Jeux vidéo et réchauffement climatique face aux enjeux du début du XXIè siècle

 

Le début du nouveau millénaire est marqué par de profondes mutations géopolitiques, dont les racines sont pour certaines anciennes, à l’image des multiples tournants incarnés par l’année 1979. Si la question climatique mobilise de plus en plus d’acteurs, d’autres problématiques s’imposent dans les débats.

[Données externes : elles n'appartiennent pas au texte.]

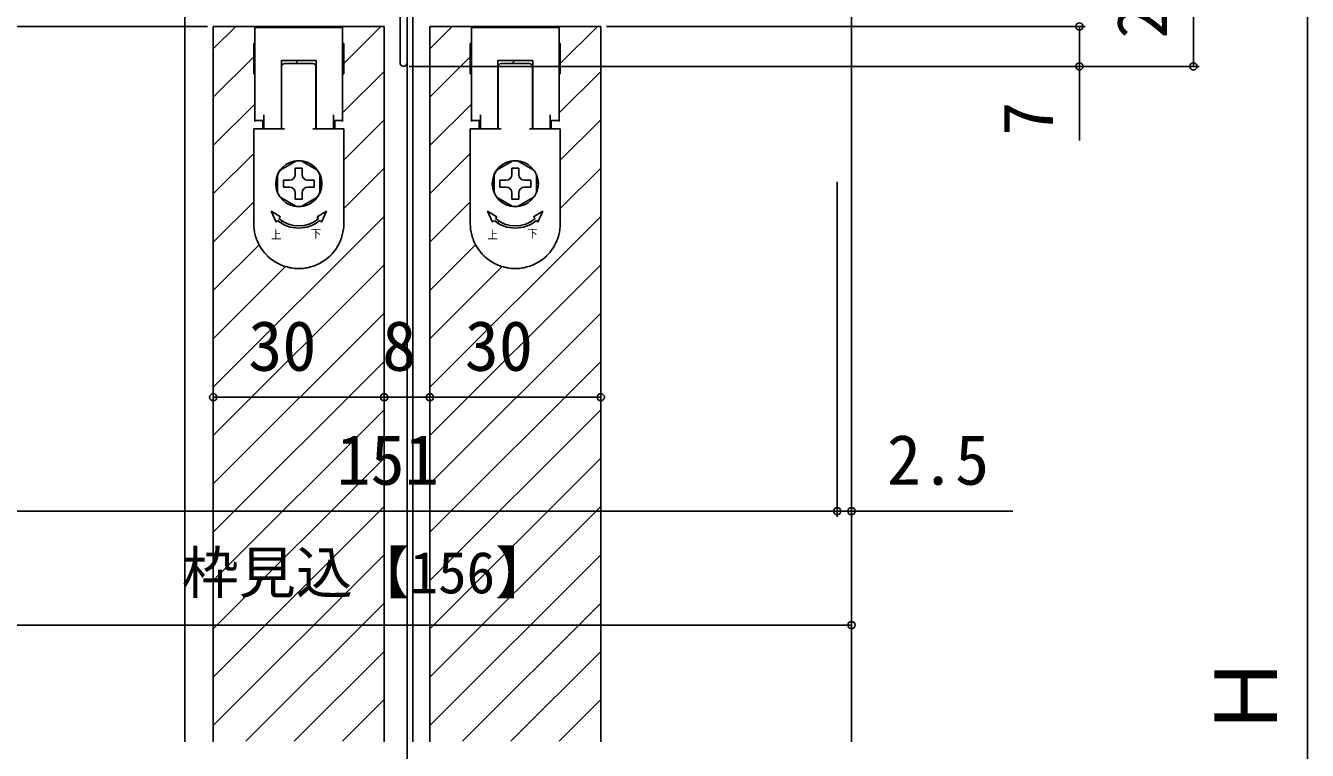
# Model space of a CAD drawing. Units: millimetres, scale not verified. Extents: x -525 to 525, y -783 to 779.
# Drawn here: x -403.9 to -179, y 327.6 to 454.9 of the extents above; entities that cross this region are included whole.
import ezdxf
from ezdxf.enums import TextEntityAlignment as Align

# ---------------------------------------------------------------- set-up
doc = ezdxf.new("R2010")
doc.units = ezdxf.units.MM
doc.header["$LTSCALE"] = 4
for name, color, linetype in [('0-3_YKK_11', 7, 'Continuous'), ('0-4_YKK_12', 2, 'Continuous'), ('0-5_YKK_13', 4, 'Continuous'), ('0-7_YKK_D', 6, 'Continuous')]:
    doc.layers.add(name, color=color, linetype=linetype)
doc.styles.add('ＭＳ ゴシック', font='')
doc.styles.get('ＭＳ ゴシック').set_extended_font_data('MS Gothic')

msp = doc.modelspace()

# ---------------------------------------------------------------- linework, layer by layer
at = {"layer": '0-3_YKK_11'}
msp.add_line((-337, 477.703), (-337, 448.303), dxfattribs=at)
msp.add_lwpolyline([(-338.2, 448.303), (-338.2, 470.903), (-341.5, 470.903), (-341.5, 465.903)], dxfattribs=at)
msp.add_arc((-337.6, 448.303), 0.6, 179.99999, 0.00001, dxfattribs=at)
at = {"layer": '0-4_YKK_12'}
for p, q in [((-337, 170.84), (-337, 538.257)), ((-259, 498.703), (-259, 329.103)), ((-376, 474.903), (-376, 329.103)), ((-336, 475.203), (-336, 329.103)), ((-371, 329.103), (-371, 454.703)), ((-341, 454.703), (-371, 454.703)), ((-371, 450.757), (-367.054, 454.703)), ((-358.768, 454.504), (-358.568, 454.703)), ((-350.283, 454.504), (-350.083, 454.703)), ((-348.1, 448.201), (-341.598, 454.703)), ((-341, 454.703), (-341, 329.103)), ((-333, 329.103), (-333, 454.703)), ((-303, 454.703), (-333, 454.703)), ((-333, 450.757), (-329.054, 454.703)), ((-320.768, 454.504), (-320.568, 454.703)), ((-312.283, 454.504), (-312.083, 454.703)), ((-310.1, 448.201), (-303.598, 454.703)), ((-303, 454.703), (-303, 329.103)), ((-371, 442.272), (-363.9, 449.372)), ((-356.583, 448.203), (-356.083, 448.703)), ((-333, 442.272), (-325.9, 449.372)), ((-318.583, 448.203), (-318.083, 448.703)), ((-359.05, 445.737), (-359, 445.787)), ((-348.3, 439.516), (-341, 446.816)), ((-321.05, 445.737), (-321, 445.787)), ((-310.3, 439.516), (-303, 446.816)), ((-353, 443.301), (-352.95, 443.351)), ((-315, 443.301), (-314.95, 443.351)), ((-371, 433.787), (-363.7, 441.087)), ((-333, 433.787), (-325.7, 441.087)), ((-359.05, 437.251), (-359, 437.301)), ((-349.675, 438.141), (-349.613, 438.203)), ((-348.1, 431.231), (-341, 438.331)), ((-321.05, 437.251), (-321, 437.301)), ((-311.675, 438.141), (-311.613, 438.203)), ((-310.1, 431.231), (-303, 438.331)), ((-371, 425.301), (-363.9, 432.401)), ((-333, 425.301), (-325.9, 432.401)), ((-357.041, 430.775), (-356.729, 431.087)), ((-348.1, 422.745), (-341, 429.845)), ((-319.041, 430.775), (-318.729, 431.087)), ((-310.1, 422.745), (-303, 429.845)), ((-359.984, 427.832), (-359.75, 428.066)), ((-352.25, 427.081), (-351.959, 427.372)), ((-321.984, 427.832), (-321.75, 428.066)), ((-314.25, 427.081), (-313.959, 427.372)), ((-371, 416.816), (-363.9, 423.916)), ((-356.268, 423.062), (-356.221, 423.11)), ((-333, 416.816), (-325.9, 423.916)), ((-318.268, 423.062), (-318.221, 423.11)), ((-371, 391.36), (-341, 421.36)), ((-333, 391.36), (-303, 421.36)), ((-359.118, 420.213), (-358.828, 420.503)), ((-321.118, 420.213), (-320.828, 420.503)), ((-371, 408.331), (-362.962, 416.369)), ((-333, 408.331), (-324.962, 416.369)), ((-371, 382.875), (-341, 412.875)), ((-371, 399.845), (-358.3, 412.546)), ((-333, 382.875), (-303, 412.875)), ((-333, 399.845), (-320.3, 412.546)), ((-371, 374.39), (-341, 404.39)), ((-333, 374.39), (-303, 404.39)), ((-371, 365.904), (-341, 395.904)), ((-333, 365.904), (-303, 395.904)), ((-371, 357.419), (-341, 387.419)), ((-333, 357.419), (-303, 387.419)), ((-371, 348.934), (-341, 378.934)), ((-333, 348.934), (-303, 378.934)), ((-371, 340.448), (-341, 370.448)), ((-333, 340.448), (-303, 370.448)), ((-371, 331.963), (-341, 361.963)), ((-333, 331.963), (-303, 361.963)), ((-365.273, 329.205), (-341, 353.478)), ((-327.273, 329.205), (-303, 353.478)), ((-356.788, 329.205), (-341, 344.993)), ((-318.788, 329.205), (-303, 344.993)), ((-348.302, 329.205), (-341, 336.507)), ((-310.302, 329.205), (-303, 336.507))]:
    msp.add_line(p, q, dxfattribs=at)
at = {"layer": '0-5_YKK_13'}
for p, q in [((-363.7, 454.504), (-348.3, 454.504)), ((-363.7, 454.504), (-363.7, 438.004)), ((-348.3, 454.504), (-348.3, 438.004)), ((-325.7, 454.504), (-310.3, 454.504)), ((-325.7, 454.504), (-325.7, 438.004)), ((-310.3, 454.504), (-310.3, 438.004)), ((-363.7, 451.703), (-363.9, 451.703)), ((-348.1, 448.311), (-348.1, 451.203)), ((-325.7, 451.703), (-325.9, 451.703)), ((-310.1, 448.311), (-310.1, 451.203)), ((-363.9, 447.865), (-363.9, 448.311)), ((-363.9, 446.692), (-363.9, 447.865)), ((-359.05, 448.703), (-359.05, 436.703)), ((-352.95, 448.703), (-359.05, 448.703)), ((-359, 447.203), (-359, 447.703)), ((-358.5, 448.203), (-353.5, 448.203)), ((-353, 447.203), (-353, 447.703)), ((-352.95, 436.703), (-352.95, 448.703)), ((-325.9, 447.865), (-325.9, 448.311)), ((-325.9, 446.692), (-325.9, 447.865)), ((-321.05, 448.703), (-321.05, 436.703)), ((-314.95, 448.703), (-321.05, 448.703)), ((-321, 447.203), (-321, 447.703)), ((-320.5, 448.203), (-315.5, 448.203)), ((-315, 447.203), (-315, 447.703)), ((-314.95, 436.703), (-314.95, 448.703)), ((-363.9, 446.692), (-363.9, 446.424)), ((-363.9, 446.424), (-363.9, 446.392)), ((-363.9, 446.392), (-363.7, 446.392)), ((-359.05, 446.392), (-359, 446.392)), ((-359, 446.703), (-359, 447.203)), ((-359, 446.424), (-359, 446.692)), ((-359, 446.392), (-359, 446.424)), ((-359, 445.407), (-359, 446.392)), ((-353, 446.692), (-353, 446.701)), ((-353, 445.407), (-353, 446.392)), ((-353, 446.392), (-352.95, 446.392)), ((-348.3, 446.392), (-348.1, 446.392)), ((-348.1, 446.692), (-348.1, 446.424)), ((-348.1, 446.424), (-348.1, 446.392)), ((-325.9, 446.692), (-325.9, 446.424)), ((-325.9, 446.424), (-325.9, 446.392)), ((-325.9, 446.392), (-325.7, 446.392)), ((-321.05, 446.392), (-321, 446.392)), ((-321, 446.703), (-321, 447.203)), ((-321, 446.424), (-321, 446.692)), ((-321, 446.392), (-321, 446.424)), ((-321, 445.407), (-321, 446.392)), ((-315, 446.692), (-315, 446.701)), ((-315, 445.407), (-315, 446.392)), ((-315, 446.392), (-314.95, 446.392)), ((-310.3, 446.392), (-310.1, 446.392)), ((-310.1, 446.692), (-310.1, 446.424)), ((-310.1, 446.424), (-310.1, 446.392)), ((-359, 442.703), (-359, 443.161)), ((-353, 443.161), (-353, 444.692)), ((-321, 442.703), (-321, 443.161)), ((-315, 443.161), (-315, 444.692)), ((-359, 442.668), (-359, 442.703)), ((-359, 439.203), (-359, 441.203)), ((-353, 439.203), (-353, 441.203)), ((-321, 442.668), (-321, 442.703)), ((-321, 439.203), (-321, 441.203)), ((-315, 439.203), (-315, 441.203)), ((-362.1, 436.703), (-362.1, 439.203)), ((-359, 438.12), (-359, 439.203)), ((-353, 438.12), (-353, 439.203)), ((-349.9, 436.703), (-349.9, 439.203)), ((-324.1, 436.703), (-324.1, 439.203)), ((-321, 438.12), (-321, 439.203)), ((-315, 438.12), (-315, 439.203)), ((-311.9, 436.703), (-311.9, 439.203)), ((-363.9, 436.703), (-362.1, 436.703)), ((-363.9, 432.403), (-363.9, 436.703)), ((-363.7, 438.203), (-362.1, 438.203)), ((-362.325, 436.703), (-362.325, 438.203)), ((-359, 437.703), (-359, 438.12)), ((-359, 436.703), (-358.5, 436.703)), ((-353.5, 436.703), (-353, 436.703)), ((-353, 437.703), (-353, 438.12)), ((-353, 437.203), (-353, 437.703)), ((-353, 436.703), (-353, 437.203)), ((-353, 436.703), (-352.95, 436.703)), ((-349.9, 438.203), (-348.3, 438.203)), ((-349.675, 438.203), (-349.675, 436.703)), ((-348.1, 432.403), (-348.1, 436.703)), ((-325.9, 436.703), (-324.1, 436.703)), ((-325.9, 432.403), (-325.9, 436.703)), ((-325.7, 438.203), (-324.1, 438.203)), ((-324.325, 436.703), (-324.325, 438.203)), ((-321, 437.703), (-321, 438.12)), ((-321, 436.703), (-320.5, 436.703)), ((-315.5, 436.703), (-315, 436.703)), ((-315, 437.703), (-315, 438.12)), ((-315, 437.203), (-315, 437.703)), ((-315, 436.703), (-315, 437.203)), ((-315, 436.703), (-314.95, 436.703)), ((-311.9, 438.203), (-310.3, 438.203)), ((-311.675, 438.203), (-311.675, 436.703)), ((-310.1, 432.403), (-310.1, 436.703)), ((-363.9, 431.403), (-363.9, 432.403)), ((-348.1, 431.403), (-348.1, 432.403)), ((-325.9, 431.403), (-325.9, 432.403)), ((-310.1, 431.403), (-310.1, 432.403)), ((-363.9, 430.529), (-363.9, 431.403)), ((-363.9, 430.065), (-363.9, 430.529)), ((-363.9, 429.903), (-363.9, 430.065)), ((-356.534, 431.068), (-359.166, 429.548)), ((-356.6, 429.803), (-355.4, 429.803)), ((-356.6, 429.803), (-356.6, 428.703)), ((-352.834, 429.548), (-355.466, 431.068)), ((-355.4, 429.803), (-355.4, 428.703)), ((-348.1, 430.529), (-348.1, 431.403)), ((-325.9, 430.529), (-325.9, 431.403)), ((-325.9, 430.065), (-325.9, 430.529)), ((-325.9, 429.903), (-325.9, 430.065)), ((-318.534, 431.068), (-321.166, 429.548)), ((-318.6, 429.803), (-317.4, 429.803)), ((-318.6, 429.803), (-318.6, 428.703)), ((-314.834, 429.548), (-317.466, 431.068)), ((-317.4, 429.803), (-317.4, 428.703)), ((-310.1, 430.529), (-310.1, 431.403)), ((-363.9, 426.903), (-363.9, 427.403)), ((-359.75, 428.633), (-359.75, 425.574)), ((-359.7, 428.623), (-359.7, 425.584)), ((-358.7, 426.503), (-358.7, 427.703)), ((-358.7, 427.703), (-357.6, 427.703)), ((-353.3, 427.703), (-354.4, 427.703)), ((-353.3, 427.703), (-353.3, 426.503)), ((-352.3, 425.584), (-352.3, 428.623)), ((-352.25, 425.574), (-352.25, 428.633)), ((-348.1, 427.403), (-348.1, 429.403)), ((-348.1, 426.903), (-348.1, 427.403)), ((-325.9, 426.903), (-325.9, 427.403)), ((-321.75, 428.633), (-321.75, 425.574)), ((-321.7, 428.623), (-321.7, 425.584)), ((-320.7, 426.503), (-320.7, 427.703)), ((-320.7, 427.703), (-319.6, 427.703)), ((-315.3, 427.703), (-316.4, 427.703)), ((-315.3, 427.703), (-315.3, 426.503)), ((-314.3, 425.584), (-314.3, 428.623)), ((-314.25, 425.574), (-314.25, 428.633)), ((-310.1, 427.403), (-310.1, 429.403)), ((-310.1, 426.903), (-310.1, 427.403)), ((-363.9, 425.903), (-363.9, 426.278)), ((-363.9, 425.847), (-363.9, 425.903)), ((-363.9, 425.568), (-363.9, 425.847)), ((-363.9, 425.547), (-363.9, 425.568)), ((-363.9, 425.403), (-363.9, 425.547)), ((-363.9, 424.903), (-363.9, 425.403)), ((-358.7, 426.503), (-357.6, 426.503)), ((-356.6, 424.403), (-356.6, 425.503)), ((-355.4, 424.403), (-355.4, 425.503)), ((-353.3, 426.503), (-354.4, 426.503)), ((-348.1, 425.903), (-348.1, 426.278)), ((-348.1, 425.847), (-348.1, 425.903)), ((-348.1, 425.568), (-348.1, 425.847)), ((-348.1, 425.547), (-348.1, 425.568)), ((-348.1, 425.403), (-348.1, 425.547)), ((-348.1, 424.903), (-348.1, 425.403)), ((-325.9, 425.903), (-325.9, 426.278)), ((-325.9, 425.847), (-325.9, 425.903)), ((-325.9, 425.568), (-325.9, 425.847)), ((-325.9, 425.547), (-325.9, 425.568)), ((-325.9, 425.403), (-325.9, 425.547)), ((-325.9, 424.903), (-325.9, 425.403)), ((-320.7, 426.503), (-319.6, 426.503)), ((-318.6, 424.403), (-318.6, 425.503)), ((-317.4, 424.403), (-317.4, 425.503)), ((-315.3, 426.503), (-316.4, 426.503)), ((-310.1, 425.903), (-310.1, 426.278)), ((-310.1, 425.847), (-310.1, 425.903)), ((-310.1, 425.568), (-310.1, 425.847)), ((-310.1, 425.547), (-310.1, 425.568)), ((-310.1, 425.403), (-310.1, 425.547)), ((-310.1, 424.903), (-310.1, 425.403)), ((-363.9, 424.403), (-363.9, 424.903)), ((-363.9, 420.103), (-363.9, 424.403)), ((-359.166, 424.659), (-356.534, 423.139)), ((-355.4, 424.403), (-356.6, 424.403)), ((-355.466, 423.139), (-352.834, 424.659)), ((-348.1, 424.403), (-348.1, 424.903)), ((-348.1, 420.103), (-348.1, 424.403)), ((-325.9, 424.403), (-325.9, 424.903)), ((-325.9, 420.103), (-325.9, 424.403)), ((-321.166, 424.659), (-318.534, 423.139)), ((-317.4, 424.403), (-318.6, 424.403)), ((-317.466, 423.139), (-314.834, 424.659)), ((-310.1, 424.403), (-310.1, 424.903)), ((-310.1, 420.103), (-310.1, 424.403)), ((-359.985, 420.354), (-360.85, 422.303)), ((-359.214, 421.273), (-360.85, 422.303)), ((-359.985, 420.354), (-359.728, 420.66)), ((-359.214, 421.273), (-359.471, 420.967)), ((-352.786, 421.273), (-351.15, 422.303)), ((-352.786, 421.273), (-352.529, 420.967)), ((-352.015, 420.354), (-352.272, 420.66)), ((-352.015, 420.354), (-351.15, 422.303)), ((-321.985, 420.354), (-322.85, 422.303)), ((-321.214, 421.273), (-322.85, 422.303)), ((-321.985, 420.354), (-321.728, 420.66)), ((-321.214, 421.273), (-321.471, 420.967)), ((-314.786, 421.273), (-313.15, 422.303)), ((-314.786, 421.273), (-314.529, 420.967)), ((-314.015, 420.354), (-314.272, 420.66)), ((-314.015, 420.354), (-313.15, 422.303))]:
    msp.add_line(p, q, dxfattribs=at)
for points in [[(-363.9, 448.311), (-363.9, 451.203), (-363.9, 451.703)], [(-348.1, 451.203), (-348.1, 451.703), (-348.3, 451.703)], [(-325.9, 448.311), (-325.9, 451.203), (-325.9, 451.703)], [(-310.1, 451.203), (-310.1, 451.703), (-310.3, 451.703)], [(-348.1, 446.692), (-348.1, 447.865), (-348.1, 448.311)], [(-310.1, 446.692), (-310.1, 447.865), (-310.1, 448.311)], [(-359, 446.692), (-359, 446.701), (-359, 446.703)], [(-359, 444.907), (-359, 445.264), (-359, 445.407)], [(-353, 446.701), (-353, 446.703), (-353, 447.203)], [(-353, 446.392), (-353, 446.424), (-353, 446.692)], [(-353, 444.692), (-353, 444.907), (-353, 445.264), (-353, 445.407)], [(-321, 446.692), (-321, 446.701), (-321, 446.703)], [(-321, 444.907), (-321, 445.264), (-321, 445.407)], [(-315, 446.701), (-315, 446.703), (-315, 447.203)], [(-315, 446.392), (-315, 446.424), (-315, 446.692)], [(-315, 444.692), (-315, 444.907), (-315, 445.264), (-315, 445.407)], [(-359, 443.161), (-359, 444.692), (-359, 444.907)], [(-353, 442.668), (-353, 442.703), (-353, 443.161)], [(-321, 443.161), (-321, 444.692), (-321, 444.907)], [(-315, 442.668), (-315, 442.703), (-315, 443.161)], [(-359, 441.203), (-359, 442.661), (-359, 442.668)], [(-353, 441.203), (-353, 442.661), (-353, 442.668)], [(-321, 441.203), (-321, 442.661), (-321, 442.668)], [(-315, 441.203), (-315, 442.661), (-315, 442.668)], [(-362.1, 436.703), (-359.05, 436.703), (-359, 436.703)], [(-359, 436.703), (-359, 437.203), (-359, 437.703)], [(-352.95, 436.703), (-349.9, 436.703), (-348.1, 436.703)], [(-324.1, 436.703), (-321.05, 436.703), (-321, 436.703)], [(-321, 436.703), (-321, 437.203), (-321, 437.703)], [(-314.95, 436.703), (-311.9, 436.703), (-310.1, 436.703)], [(-363.9, 427.403), (-363.9, 429.403), (-363.9, 429.903)], [(-348.1, 429.403), (-348.1, 429.903), (-348.1, 430.065), (-348.1, 430.529)], [(-325.9, 427.403), (-325.9, 429.403), (-325.9, 429.903)], [(-310.1, 429.403), (-310.1, 429.903), (-310.1, 430.065), (-310.1, 430.529)], [(-363.9, 426.278), (-363.9, 426.742), (-363.9, 426.903)], [(-348.1, 426.278), (-348.1, 426.742), (-348.1, 426.903)], [(-325.9, 426.278), (-325.9, 426.742), (-325.9, 426.903)], [(-310.1, 426.278), (-310.1, 426.742), (-310.1, 426.903)]]:
    msp.add_lwpolyline(points, dxfattribs=at)
for centre, radius, start, end in [((-358.5, 447.703), 0.5, 90, 180), ((-353.5, 447.703), 0.5, 0, 90), ((-320.5, 447.703), 0.5, 90, 180), ((-315.5, 447.703), 0.5, 0, 90), ((-356, 427.103), 4.05, 0, 180), ((-356, 427.103), 4.05, 136.2623, 157.80839), ((-356, 427.103), 4, 82.33165, 97.66835), ((-318, 427.103), 4.05, 0, 180), ((-318, 427.103), 4.05, 136.2623, 157.80839), ((-318, 427.103), 4, 82.33165, 97.66835), ((-356, 427.103), 4, 142.33165, 157.66835), ((-357.6, 428.703), 1, 270, 0), ((-354.4, 428.703), 1, 180, 270), ((-356, 427.103), 4, 22.33165, 37.82349), ((-318, 427.103), 4, 142.33165, 157.66835), ((-319.6, 428.703), 1, 270, 0), ((-316.4, 428.703), 1, 180, 270), ((-318, 427.103), 4, 22.33165, 37.82349), ((-356, 427.103), 4.05, 180, 0), ((-356, 427.103), 4, 202.33165, 217.82349), ((-357.6, 425.503), 1, 0, 90), ((-354.4, 425.503), 1, 90, 180), ((-356, 427.103), 4, 322.17651, 337.66835), ((-318, 427.103), 4.05, 180, 0), ((-318, 427.103), 4, 202.33165, 217.82349), ((-319.6, 425.503), 1, 0, 90), ((-316.4, 425.503), 1, 90, 180), ((-318, 427.103), 4, 322.17651, 337.66835), ((-356, 427.103), 4, 262.17651, 277.82349), ((-318, 427.103), 4, 262.17651, 277.82349), ((-356, 425.103), 5.8, 230, 310), ((-356, 425.103), 5.4, 230, 310), ((-318, 425.103), 5.8, 230, 310), ((-318, 425.103), 5.4, 230, 310), ((-356, 420.103), 7.9, 180, 194.66485), ((-356, 420.103), 7.9, 345.33515, 0), ((-318, 420.103), 7.9, 180, 194.66485), ((-318, 420.103), 7.9, 345.33515, 0), ((-356, 420.103), 7.9, 194.66485, 198.44872), ((-356, 420.103), 7.9, 198.44872, 202.318), ((-356, 420.103), 7.9, 202.318, 225.86911), ((-356, 420.103), 7.9, 314.13089, 337.682), ((-356, 420.103), 7.9, 337.682, 341.55128), ((-356, 420.103), 7.9, 341.55128, 345.33515), ((-318, 420.103), 7.9, 194.66485, 198.44872), ((-318, 420.103), 7.9, 198.44872, 202.318), ((-318, 420.103), 7.9, 202.318, 225.86911), ((-318, 420.103), 7.9, 314.13089, 337.682), ((-318, 420.103), 7.9, 337.682, 341.55128), ((-318, 420.103), 7.9, 341.55128, 345.33515), ((-356, 420.103), 7.9, 225.86911, 226.18003), ((-356, 420.103), 7.9, 226.18003, 259.0546), ((-356, 420.103), 7.9, 280.9454, 313.81997), ((-356, 420.103), 7.9, 313.81997, 314.13089), ((-318, 420.103), 7.9, 225.86911, 226.18003), ((-318, 420.103), 7.9, 226.18003, 259.0546), ((-318, 420.103), 7.9, 280.9454, 313.81997), ((-318, 420.103), 7.9, 313.81997, 314.13089), ((-356, 420.103), 7.9, 259.0546, 262.72786), ((-356, 420.103), 7.9, 262.72786, 270), ((-356, 420.103), 7.9, 270, 277.27214), ((-356, 420.103), 7.9, 277.27214, 280.9454), ((-318, 420.103), 7.9, 259.0546, 262.72786), ((-318, 420.103), 7.9, 262.72786, 270), ((-318, 420.103), 7.9, 270, 277.27214), ((-318, 420.103), 7.9, 277.27214, 280.9454)]:
    msp.add_arc(centre, radius, start, end, dxfattribs=at)
at = {"layer": '0-7_YKK_D'}
for p, q in [((-179, 488.203), (-179, 209.003)), ((-199, 474.703), (-199, 447.703)), ((-373, 454.703), (-496, 454.703)), ((-372, 454.703), (-496, 454.703)), ((-302, 454.703), (-218, 454.703)), ((-336.6, 447.703), (-198, 447.703)), ((-336.6, 447.703), (-218, 447.703)), ((-371, 428.403), (-371, 388.603)), ((-341, 428.403), (-341, 388.603)), ((-341, 428.403), (-341, 388.603)), ((-333, 428.403), (-333, 388.603)), ((-333, 428.403), (-333, 388.603)), ((-303, 428.403), (-303, 388.603)), ((-261.5, 427.403), (-261.5, 368.603)), ((-259, 427.403), (-259, 348.603)), ((-259, 427.403), (-259, 368.603)), ((-261.5, 426.403), (-261.5, 368.603)), ((-371, 389.603), (-341, 389.603)), ((-341, 389.603), (-333, 389.603)), ((-333, 389.603), (-303, 389.603)), ((-261.5, 369.603), (-412.5, 369.603)), ((-261.5, 369.603), (-264.05, 369.603)), ((-261.5, 369.603), (-259, 369.603)), ((-259, 369.603), (-230.673, 369.603)), ((-415, 349.603), (-259, 349.603))]:
    msp.add_line(p, q, dxfattribs=at)
msp.add_lwpolyline([(-219, 454.703), (-219, 447.703), (-219, 434.676)], dxfattribs=at)
for centre in [(-219, 454.703), (-219, 447.703), (-199, 447.703), (-371, 389.603), (-341, 389.603), (-341, 389.603), (-333, 389.603), (-333, 389.603), (-303, 389.603), (-261.5, 369.603), (-261.5, 369.603), (-259, 369.603), (-259, 349.603)]:
    msp.add_circle(centre, 0.637, dxfattribs=at)

# ---------------------------------------------------------------- texts
at = {"layer": '0-5_YKK_13', "style": 'ＭＳ ゴシック', "width": 0.9}
for s, p in [('上', (-360.853, 416.961)), ('下', (-353.873, 417.143)), ('上', (-322.853, 416.961)), ('下', (-315.873, 417.143))]:
    msp.add_text(s, height=1.466, dxfattribs=at).set_placement(p, align=Align.BOTTOM_LEFT)
at = {"layer": '0-7_YKK_D', "style": 'ＭＳ ゴシック'}
for s, height, p in [('27', 8.798, (-201, 452.578)), ('7', 8.798, (-221, 435.517)), ('Ｈ', 11, (-181, 329.676))]:
    msp.add_text(s, height=height, rotation=90, dxfattribs=at).set_placement(p, align=Align.BOTTOM_LEFT)
for s, height, p in [('30', 8.798, (-364.864, 391.603)), ('8', 8.798, (-341.364, 391.603)), ('30', 8.798, (-326.864, 391.603)), ('151', 8.798, (-349.375, 371.603)), ('2.5', 8.798, (-252.786, 371.603)), ('枠見込【156】', 7.331, (-376.517, 352.967))]:
    msp.add_text(s, height=height, dxfattribs=at).set_placement(p, align=Align.BOTTOM_LEFT)

doc.saveas('drawing.dxf')

Ainsi en est-il, par exemple, des menaces terroristes et des réponses occidentales qui découlent des attentats du 11 septembre 2001. Dans ce contexte, après s’être imposée avec brio dans les années 1990 comme nous l’avons vu dans le premier épisode, la série des Civilization prend une nouvelle voie, tandis que la concurrence peine à s’imposer, malgré d’incontestables succès d’estime.

 

Call To Power 1 et 2 (1999-2000) : la concurrence et le climat

 

En 1999 Sid Meier sort chez Firaxis Game, société qui vient remplacer un MicroProse moribond, Alpha Centauri, la suite en quelque sorte de Civilization II. Il y a beaucoup de choses à dire sur cet opus mais, comme nous quittons la Terre pour l’espace, je garderai mes analyses pour une autre fois.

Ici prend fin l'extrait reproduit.